Le film se présente comme une nouvelle étude des turpitudes amoureuses, avec ses motifs habituels d’hésitation et de déshérence, familiers de l’univers intime du cinéaste. Mais son déplacement à l’étranger, sur la Côte d’Azur, lui donne une coloration nouvelle, ainsi qu’une certaine distance réflexive, qui tranche avec la noirceur et le désespoir de ses précédents films. La Caméra de Claire, illuminée par le printemps méridional, a la limpidité de trait, la clarté éclatante et les motifs papillotants d’un Matisse période niçoise.
Pendant le Festival de Cannes, sous le pavillon sud-coréen, Manhee (Kim Min-hee), une jeune employée, est licenciée sans ménagement par sa patronne, Nam (Chang Mi-hee), d’âge mûr. Ce geste arbitraire révèle une jalousie qui ne dit pas son nom, puisque les deux femmes aiment ou ont aimé le même homme : So Wansoo (Jung Jin-young, troublant sosie de Hong Sang-soo), un réalisateur alcoolique et débonnaire, venu présenter son dernier film. Claire (Isabelle Huppert), une Française en goguette, rencontre les trois membres de ce trio disloqué et les prend tour à tour en photographie. Ses images circulant de l’un à l’autre permettent aux Coréens de se reconsidérer mutuellement et de faire évoluer leur relation à distance.
Cadre presque enchanteur
De par sa simplicité, sa brièveté et son indétermination flottante, ce dernier film de Hong Sang-soo pourrait facilement passer pour une récréation. Mais l’essentiel est précisément là : dans ce geste synthétique qui condense les données de son cinéma et n’en conserve plus que la grâce instantanée, ce « petit rien » des rencontres et du hasard, des conversations à bâtons rompus et de la gêne ordinaire, qui touche au cœur des relations humaines et de leur profonde incongruité.
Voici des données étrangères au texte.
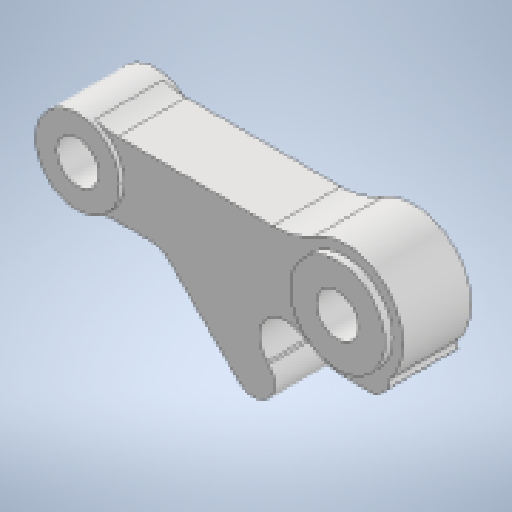
# Autodesk Inventor part: 摇臂
Saved by Autodesk Inventor 2025.1 (Build 291241000, 241)
## iProperties
Created: 2025-08-27
Part Number: 摇臂
Material: 常规
Document SubType Name: Modeling
Designer: Piw
Density: 1 g/cm^3
Appearance: 默认
Author: Piw
Autodesk Inventor part; units mm, degrees
ref_plane "YZ Plane" through (0, 0, 0) normal (1, 0, 0) x (0, 1, 0)
ref_plane "XZ Plane" through (0, 0, 0) normal (0, 1, 0) x (-1, 0, 0)
ref_plane "XY Plane" through (0, 0, 0) normal (0, 0, 1) x (1, 0, 0)
sketch "草图1" plane through (0, 0, 0) normal (0, 0, 1) x (1, 0, 0)
  circle A0 centre (0, 0) radius 4
  dimension "d0" = 8
  constraints: 1 centre point, 1 coincident
  measures "d0" diameter of A0
extrude "拉伸1" add sketch "草图1" along normal blind 7
sketch "草图2" plane through (0, 0, 7) normal (0, 0, 1) x (1, 0, 0)
  circle A0 centre (0, 0) radius 8.5
  dimension "d3" = 17
  constraints: 1 centre point, 1 coincident
  measures "d3" diameter of A0
extrude "拉伸2" add sketch "草图2" along normal blind 1.5
sketch "草图3" plane through (0, 0, 8.5) normal (0, 0, 1) x (1, 0, 0)
  arc A0 (-8.4853, -7) -> (-8.4853, 7) centre (0, 0) ccw
  circle A1 centre (0, 0) radius 4 projected
  line L0 (0, 0) -> (-50, 0) construction
  arc A2 (-42, 0) -> (-46.127, 7) centre (-50, 0) ccw construction
  line L1 (-8.4853, -7) -> (-46.127, -7)
  line L2 (-8.4853, 7) -> (-46.127, 7)
  arc A3 (-11, 0) -> (-8.4853, -7) centre (0, 0) ccw construction
  arc A4 (-8.4853, 7) -> (-11, 0) centre (0, 0) ccw construction
  arc A5 (-46.127, -7) -> (-42, 0) centre (-50, 0) ccw construction
  arc A6 (-46.127, 7) -> (-46.127, -7) centre (-50, 0) ccw
  line L3 (0, 0) -> (8.4853, -8.4853) construction
  line L4 (8.4853, -8.4853) -> (5.9706, -11)
  line L5 (5.9706, -11) -> (0, -11)
  line L6 (8.4853, -8.4853) -> (7.7782, -7.7782)
  dimension "d6" = 22
  dimension "d7" = 50
  dimension "d9" = 7
  dimension "d10" = 8
  dimension "d36" = 12
  dimension "d37" = 135
  dimension "d38" = 135
  constraints: 14 end point, 14 point on circle, 6 centre point, 3 point on line, 2 coincident, 2 symmetric about line, 1 horizontal, 1 parallel, 1 perpendicular, 1 tangent
  measures "d6" diameter of A0
  measures "d7" distance of L0.start L0.end
  measures "d9" distance between parallel lines of L0 L1
  measures "d10" radius of A6
  measures "d36" distance of L0.start L3.end
  measures "d37" angle of L0 L3
  measures "d38" angle of L5 L4
extrude "拉伸3" add sketch "草图3" along normal blind 13 contours L1 A6 L2 A0 | A0 L6 L4 L5 | A1
sketch "草图4" plane through (0, 0, 21.5) normal (0, 0, 1) x (1, 0, 0)
  arc A0 (-8.4853, -7) -> (-8.4853, 7) centre (0, 0) ccw projected
  circle A1 centre (0, 0) radius 9
  dimension "d13" = 18
  constraints: 1 centre point, 1 coincident
  measures "d13" diameter of A1
extrude "拉伸4" add sketch "草图4" along normal blind 1.5
sketch "草图5" plane through (0, 0, 23) normal (0, 0, 1) x (1, 0, 0)
  circle A0 centre (0, 0) radius 4
  dimension "d16" = 8
  constraints: 1 centre point, 1 coincident
  measures "d16" diameter of A0
extrude "拉伸5" add sketch "草图5" along normal blind 7
fillet "圆角1" radius 15 4 edges at (-46.127, 7, 15) (-8.4853, 7, 15) (-8.4853, -7, 15) (-46.127, -7, 15)
sketch "草图6" plane through (0, 0, 21.5) normal (0, 0, 1) x (1, 0, 0)
  arc A0 (-47.6667, 7.6522) -> (-47.6667, -7.6522) centre (-50, 0) ccw projected
  arc A1 (-43.2918, -7) -> (-47.6667, -7.6522) centre (-43.2918, -22) ccw projected
  circle A2 centre (-50, 0) radius 8
  point P0 (0, 0)
  constraints: 1 coincident, 3 other
extrude "拉伸6" add sketch "草图6" along normal blind 0.95
chamfer "倒角1" distance 0.5 angle 45 2 edges at (-4, 0, 30) (-4, 0, 0)
fillet "圆角3" radius 1 2 edges at (7.7782, -7.7782, 15) (5.9706, -11, 15)
sketch "草图10" plane through (0, 0, 30) normal (0, 0, 1) x (1, 0, 0)
  circle A0 centre (0, 0) radius 4 projected
extrude "拉伸10" cut sketch "草图10" against normal blind 30
sketch "草图11" plane through (-50, 0, 22.45) normal (0, 0, 1) x (1, 0, 0)
  circle A0 centre (0, 0) radius 4
  circle A1 centre (0, 0) radius 8 projected
  point P0 (50, 0)
  dimension "d42" = 8
  constraints: 1 centre point, 1 coincident
  measures "d42" diameter of A0
extrude "拉伸11" cut sketch "草图11" against normal blind 30 contours A0
sketch "草图12" plane through (0, 0, 8.5) normal (0, 0, -1) x (-1, 0, 0)
  arc A0 (47.6667, -7.6522) -> (47.6667, 7.6522) centre (50, 0) ccw projected
  circle A1 centre (50, 0) radius 8
  circle A2 centre (50, 0) radius 4 projected
  point P0 (0, 0)
  point P1 (47.6667, -7.6522)
  constraints: 1 coincident, 3 other
extrude "拉伸12" add sketch "草图12" along normal blind 0.95
sketch "草图13" plane through (0, 0, 21.5) normal (0, 0, 1) x (1, 0, 0)
  line L0 (-43.2918, -7) -> (-13.8564, -7) projected
  line L1 (-23.7559, -7) -> (-17.1843, -13.5716)
  arc A0 (-22.8412, -19.2284) -> (-17.1843, -13.5716) centre (-20.0128, -16.4) ccw
  line L2 (-22.8412, -19.2284) -> (-35.0696, -7)
  arc A1 (-17.1843, -13.5716) -> (-22.8412, -19.2284) centre (-20.0128, -16.4) ccw construction
  point P0 (0, 0)
  dimension "d52" = 45
  dimension "d53" = 8
  dimension "d54" = 7
  dimension "d59" = 9.4
  constraints: 4 end point, 4 point on circle, 2 centre point, 2 point on line, 2 tangent, 1 parallel
  measures "d52" angle of L0 L2
  measures "d53" diameter of A0
  measures "d54" distance from line of L1 L0.end
  measures "d59" distance from line of L0 A0.centre
extrude "拉伸13" add sketch "草图13" against normal blind 13
fillet "圆角5" radius 4 1 edges at (-23.7559, -7, 15)
chamfer "倒角2" distance 4 angle 45 1 edges at (-35.0696, -7, 15)
sketch "草图14" plane through (0, 0, 21.5) normal (0, 0, 1) x (1, 0, 0)
  arc A0 (-22.8412, -19.2284) -> (-17.1843, -13.5716) centre (-20.0128, -16.4) ccw projected
  circle A1 centre (-20.0128, -16.4) radius 2.475
  point P0 (0, 0)
  dimension "d64" = 4.95
  constraints: 1 centre point, 1 coincident
  measures "d64" diameter of A1
extrude "拉伸14" cut sketch "草图14" against normal blind 13

Le film se concentre plus particulièrement sur les relations féminines, selon deux axes contraires : d’un côté, la rivalité amoureuse entre Nam et Manhee, qui ouvre une brèche de ressentiment ; de l’autre, l’amitié désintéressée de Manhee et Claire, qui soigne les plaies ouvertes. Le décor cannois offre au récit un cadre presque enchanteur, avec ses murs jaune « brioche », l’azur profond du littoral, son morceau de plage perdue et son dédale de rues qui transforme le chassé-croisé entre les personnages en un singulier jeu de piste – comme s’ils étaient seuls au monde.
Dans ce jeu charmant, où l’on communique entre étrangers dans un anglais approximatif (et source de malentendus burlesques), le personnage de Claire revêt une fonction quasiment magique. D’abord parce que son affabilité et sa douceur ont un effet guérisseur sur la pauvre Manhee, victime des circonstances – douceur qui dissimule en fait un drame personnel déchirant.
Mais surtout, peut-être, parce qu’elle fonde en ses photographies un pouvoir secret, mais considérable, celui de transformer les êtres et les choses. Et ses images modifient bel et bien la réalité, du moins sentimentale, de la situation, puisqu’elles rappellent à chacun la présence d’un autre qu’il croyait absent. « La seule façon de changer les choses est de les regarder très lentement une fois encore », confie Claire à Manhee, sur le lieu même de son licenciement. Fable idéaliste sur le regard, La Caméra de Claire nous apprend ainsi, incidemment, que la vérité du monde ne se situe peut-être pas ailleurs que dans l’œil de celui qui prend le temps de l’observer.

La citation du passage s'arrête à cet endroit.